Exercise prompt: Locate the line that contains "n7.label = 'Limit Reflections'" in the entries below, then repeat it and every following line through the line that contains "n9.operation = 'MAXIMUM'", exactly, and no others.
#### Records supplied
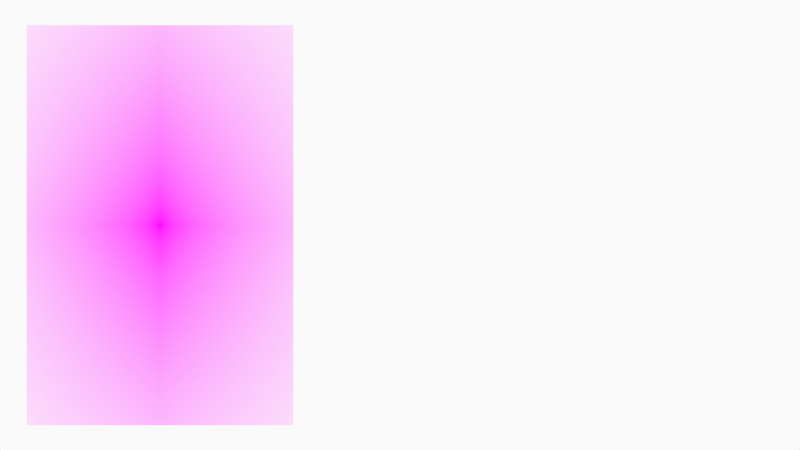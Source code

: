 # Source: FatGuyGestureDraw.blend  (saved by Blender 3.0.42; exported with 4.5.12 LTS)
import bpy
from mathutils import Matrix  # noqa: F401  (used for matrix-valued properties, if any)

bpy.ops.wm.read_factory_settings(use_empty=True)
scene = bpy.context.scene
scene.name = 'Scene'

# ---- collections
col_collection = bpy.data.collections.new('Collection'); scene.collection.children.link(col_collection)
col_camera = bpy.data.collections.new('Camera'); scene.collection.children.link(col_camera)

# ---- images (referenced by path relative to the original .blend; pixels are not part of the script)
import os
ASSET_DIR = os.environ.get("B2B_ASSET_DIR", "")  # directory of the original .blend (textures are referenced by path, not embedded)
HERE = os.path.dirname(os.path.abspath(__file__))  # packed textures are extracted next to this script under _unpacked/

def load_image(name, relpath, width, height, colorspace="sRGB"):
    """Load a texture the original file referenced (path relative to the .blend, or extracted next to this script)."""
    p = next((c for c in (os.path.join(HERE, relpath), os.path.join(ASSET_DIR, relpath)) if relpath and os.path.exists(c)), "")
    if p:
        img = bpy.data.images.load(p, check_existing=True)
        img.name = name
    else:  # same state as the original file: an image datablock whose file is absent (Cycles renders it pink)
        img = bpy.data.images.new(name, width, height)
        img.source = "FILE"
        img.filepath = "//" + (relpath or name)
    img.colorspace_settings.name = colorspace
    return img
img_0b15e7ec_f45c_4784_a21b_a7cf02cb62bc_action_athlete_blur_207677 = load_image('0b15e7ec-f45c-4784-a21b-a7cf02cb62bc-action-athlete-blur-207677', '0b15e7ec-f45c-4784-a21b-a7cf02cb62bc-action-athlete-blur-207677_20181205100811-de151be1-972e-43a1-85d5-7665c92e010b.jpg', 1024, 1024, 'sRGB')

# ---- materials (node trees are filled in below, after node groups)
mat_solid_stroke = bpy.data.materials.new('Solid Stroke')
mat_solid_stroke.use_transparent_shadow = False
mat_squares_stroke = bpy.data.materials.new('Squares Stroke')
mat_squares_stroke.use_transparent_shadow = False
mat_solid_fill = bpy.data.materials.new('Solid Fill')
mat_solid_fill.use_transparent_shadow = False
mat_dots_stroke = bpy.data.materials.new('Dots Stroke')
mat_dots_stroke.use_transparent_shadow = False
mat_0b15e7ec_f45c_4784_a21b_a7cf02cb62bc_action_athlete_blur_207677 = bpy.data.materials.new('0b15e7ec-f45c-4784-a21b-a7cf02cb62bc-action-athlete-blur-207677')
mat_0b15e7ec_f45c_4784_a21b_a7cf02cb62bc_action_athlete_blur_207677.surface_render_method = 'BLENDED'
mat_0b15e7ec_f45c_4784_a21b_a7cf02cb62bc_action_athlete_blur_207677.blend_method = 'BLEND'
mat_0b15e7ec_f45c_4784_a21b_a7cf02cb62bc_action_athlete_blur_207677.use_transparent_shadow = False

# ---- node groups
ng_iap_shadeless = bpy.data.node_groups.new('IAP_SHADELESS', 'ShaderNodeTree')
_s = ng_iap_shadeless.interface.new_socket(name='Shader', in_out='OUTPUT', socket_type='NodeSocketShader')
_s = ng_iap_shadeless.interface.new_socket(name='Color', in_out='INPUT', socket_type='NodeSocketColor')
_N = ng_iap_shadeless.nodes; _L = ng_iap_shadeless.links
n0 = _N.new('NodeGroupOutput'); n0.name = 'Group Output'; n0.location = (0, 0)
n1 = _N.new('NodeGroupInput'); n1.name = 'Group Input'; n1.location = (-600, -240)
n2 = _N.new('ShaderNodeBsdfDiffuse'); n2.name = 'Diffuse BSDF'; n2.location = (-400, -60)
n3 = _N.new('ShaderNodeEmission'); n3.name = 'Emission'; n3.location = (-400, -240)
n4 = _N.new('ShaderNodeLightPath'); n4.name = 'Light Path'; n4.location = (-1200, 30)
n5 = _N.new('ShaderNodeMath'); n5.name = 'Math'; n5.location = (-800, 30)
n5.label = 'Bounce Count'
n5.operation = 'SUBTRACT'
n6 = _N.new('ShaderNodeMath'); n6.name = 'Math.001'; n6.location = (-600, 30)
n6.label = 'Camera or Refracted'
n6.operation = 'SUBTRACT'
n6.inputs[0].default_value = 1.0
n7 = _N.new('ShaderNodeMath'); n7.name = 'Math.002'; n7.location = (-1000, 390)
n7.label = 'Limit Reflections'
n7.operation = 'SUBTRACT'
n7.inputs[0].default_value = 2.0
n8 = _N.new('ShaderNodeMath'); n8.name = 'Math.003'; n8.location = (-800, 300)
n8.label = 'Camera Ray to Glossy'
n8.operation = 'MULTIPLY'
n9 = _N.new('ShaderNodeMath'); n9.name = 'Math.004'; n9.location = (-600, 210)
n9.label = 'Shadow or Reflection?'
n9.operation = 'MAXIMUM'
n10 = _N.new('ShaderNodeMath'); n10.name = 'Math.005'; n10.location = (-400, 120)
n10.label = 'Shadow, Reflect or Refract?'
n10.operation = 'MAXIMUM'
n11 = _N.new('ShaderNodeMixShader'); n11.name = 'Mix Shader'; n11.location = (-200, 0)
_L.new(n1.outputs[0], n2.inputs[0])
_L.new(n1.outputs[0], n3.inputs[0])
_L.new(n4.outputs[9], n5.inputs[0])
_L.new(n4.outputs[13], n5.inputs[1])
_L.new(n5.outputs[0], n6.inputs[1])
_L.new(n4.outputs[9], n7.inputs[1])
_L.new(n7.outputs[0], n8.inputs[0])
_L.new(n4.outputs[3], n8.inputs[1])
_L.new(n8.outputs[0], n9.inputs[0])
_L.new(n4.outputs[1], n9.inputs[1])
_L.new(n9.outputs[0], n10.inputs[0])
_L.new(n6.outputs[0], n10.inputs[1])
_L.new(n10.outputs[0], n11.inputs[0])
_L.new(n2.outputs[0], n11.inputs[1])
_L.new(n3.outputs[0], n11.inputs[2])
_L.new(n11.outputs[0], n0.inputs[0])
n0.is_active_output = True

# ---- material node trees
mat_dots_stroke.use_nodes = True; mat_dots_stroke.node_tree.nodes.clear()
_N = mat_dots_stroke.node_tree.nodes; _L = mat_dots_stroke.node_tree.links
n0 = _N.new('ShaderNodeOutputMaterial'); n0.name = 'Material Output'; n0.location = (300, 300)
n1 = _N.new('ShaderNodeBsdfPrincipled'); n1.name = 'Principled BSDF'; n1.location = (10, 300)
n1.distribution = 'GGX'
n1.subsurface_method = 'BURLEY'
n1.inputs[2].default_value = 0.4
n1.inputs[3].default_value = 1.45
n1.inputs[27].default_value = (0.0, 0.0, 0.0, 1.0)
n1.inputs[28].default_value = 1.0
_L.new(n1.outputs[0], n0.inputs[0])
n0.is_active_output = True
mat_0b15e7ec_f45c_4784_a21b_a7cf02cb62bc_action_athlete_blur_207677.use_nodes = True; mat_0b15e7ec_f45c_4784_a21b_a7cf02cb62bc_action_athlete_blur_207677.node_tree.nodes.clear()
_N = mat_0b15e7ec_f45c_4784_a21b_a7cf02cb62bc_action_athlete_blur_207677.node_tree.nodes; _L = mat_0b15e7ec_f45c_4784_a21b_a7cf02cb62bc_action_athlete_blur_207677.node_tree.links
n0 = _N.new('ShaderNodeOutputMaterial'); n0.name = 'Material Output'; n0.location = (300, 300)
n1 = _N.new('ShaderNodeTexImage'); n1.name = 'Image Texture'; n1.location = (-400, 60)
n1.image = img_0b15e7ec_f45c_4784_a21b_a7cf02cb62bc_action_athlete_blur_207677
n1.extension = 'CLIP'
n2 = _N.new('ShaderNodeGroup'); n2.name = 'Group'; n2.location = (-200, 60)
n2.node_tree = ng_iap_shadeless
n3 = _N.new('ShaderNodeBsdfTransparent'); n3.name = 'Transparent BSDF'; n3.location = (-200, 240)
n4 = _N.new('ShaderNodeMixShader'); n4.name = 'Mix Shader'; n4.location = (0, 300)
_L.new(n1.outputs[0], n2.inputs[0])
_L.new(n1.outputs[1], n4.inputs[0])
_L.new(n3.outputs[0], n4.inputs[1])
_L.new(n2.outputs[0], n4.inputs[2])
_L.new(n4.outputs[0], n0.inputs[0])
n0.is_active_output = True

# ---- world
world_world = bpy.data.worlds.new('World'); scene.world = world_world
world_world.use_nodes = True; world_world.node_tree.nodes.clear()
_N = world_world.node_tree.nodes; _L = world_world.node_tree.links
n0 = _N.new('ShaderNodeOutputWorld'); n0.name = 'World Output'; n0.location = (300, 300)
n1 = _N.new('ShaderNodeBackground'); n1.name = 'Background'; n1.location = (10, 300)
n1.inputs[0].default_value = (0.9513, 0.9513, 0.9513, 1.0)
_L.new(n1.outputs[0], n0.inputs[0])
n0.is_active_output = True
world_world.color = (0.9513, 0.9513, 0.9513)
world_world.use_sun_shadow = False
world_world.sun_shadow_jitter_overblur = 0.0

# ---- cameras
cam_camera = bpy.data.cameras.new('Camera')
cam_camera.type = 'ORTHO'
cam_camera.ortho_scale = 10.0
cam_camera.display_size = 2.0

# ---- meshes
me_0b15e7ec_f45c_4784_a21b_a7cf02cb62bc_action_athlete_blur_207677 = bpy.data.meshes.new('0b15e7ec-f45c-4784-a21b-a7cf02cb62bc-action-athlete-blur-207677')
me_0b15e7ec_f45c_4784_a21b_a7cf02cb62bc_action_athlete_blur_207677.from_pydata([(-0.3333, -0.5, 0.0), (0.3333, -0.5, 0.0), (-0.3333, 0.5, 0.0), (0.3333, 0.5, 0.0)], [], [(0, 1, 3, 2)])
_uv = me_0b15e7ec_f45c_4784_a21b_a7cf02cb62bc_action_athlete_blur_207677.uv_layers.new(name='UVMap')
_uv.uv.foreach_set('vector', [0.0, 0.0, 1.0, 0.0, 1.0, 1.0, 0.0, 1.0])
me_0b15e7ec_f45c_4784_a21b_a7cf02cb62bc_action_athlete_blur_207677.materials.append(mat_0b15e7ec_f45c_4784_a21b_a7cf02cb62bc_action_athlete_blur_207677)
me_0b15e7ec_f45c_4784_a21b_a7cf02cb62bc_action_athlete_blur_207677.use_remesh_fix_poles = True
me_0b15e7ec_f45c_4784_a21b_a7cf02cb62bc_action_athlete_blur_207677.use_remesh_preserve_attributes = False
me_0b15e7ec_f45c_4784_a21b_a7cf02cb62bc_action_athlete_blur_207677.update()

# ---- objects
ob_stroke = bpy.data.objects.new('Stroke', None)
ob_0b15e7ec_f45c_4784_a21b_a7cf02cb62bc_action_athlete_blur_207677 = bpy.data.objects.new('0b15e7ec-f45c-4784-a21b-a7cf02cb62bc-action-athlete-blur-207677', me_0b15e7ec_f45c_4784_a21b_a7cf02cb62bc_action_athlete_blur_207677)
ob_camera = bpy.data.objects.new('Camera', cam_camera)

# ---- transforms, parenting, visibility, modifiers, constraints
ob_stroke.location = (0.0, 0.0, 0.0)
ob_stroke.empty_display_size = 0.2
ob_stroke.empty_image_offset = (0.0, 0.0)
ob_stroke.empty_image_side = 'FRONT'
ob_stroke.use_grease_pencil_lights = True
ob_stroke.lineart.crease_threshold = 0.0
ob_0b15e7ec_f45c_4784_a21b_a7cf02cb62bc_action_athlete_blur_207677.location = (-3.0, 0.0, 0.0)
ob_0b15e7ec_f45c_4784_a21b_a7cf02cb62bc_action_athlete_blur_207677.rotation_euler = (1.571, 0.0, 0.0)
ob_0b15e7ec_f45c_4784_a21b_a7cf02cb62bc_action_athlete_blur_207677.scale = (5.0, 5.0, 5.0)
ob_camera.location = (0.0, -12.0, 0.0)
ob_camera.rotation_euler = (1.571, -0.0, -0.0)
ob_camera.empty_image_side = 'FRONT'
ob_camera.lineart.crease_threshold = 0.0

# ---- collection membership
col_collection.objects.link(ob_stroke)
col_collection.objects.link(ob_0b15e7ec_f45c_4784_a21b_a7cf02cb62bc_action_athlete_blur_207677)
col_camera.objects.link(ob_camera)

# ---- scene / render settings (as saved in the file)
scene.camera = ob_camera
scene.frame_start = 1; scene.frame_end = 250; scene.frame_set(1)
scene.render.engine = 'BLENDER_EEVEE_NEXT'
scene.cycles.use_denoising = False
scene.cycles.samples = 128
scene.cycles.sampling_pattern = 'TABULATED_SOBOL'
scene.cycles.use_adaptive_sampling = False
scene.cycles.use_light_tree = False
scene.view_settings.view_transform = 'Standard'
bpy.context.view_layer.update()
########
Task output:
n7.label = 'Limit Reflections'
n7.operation = 'SUBTRACT'
n7.inputs[0].default_value = 2.0
n8 = _N.new('ShaderNodeMath'); n8.name = 'Math.003'; n8.location = (-800, 300)
n8.label = 'Camera Ray to Glossy'
n8.operation = 'MULTIPLY'
n9 = _N.new('ShaderNodeMath'); n9.name = 'Math.004'; n9.location = (-600, 210)
n9.label = 'Shadow or Reflection?'
n9.operation = 'MAXIMUM'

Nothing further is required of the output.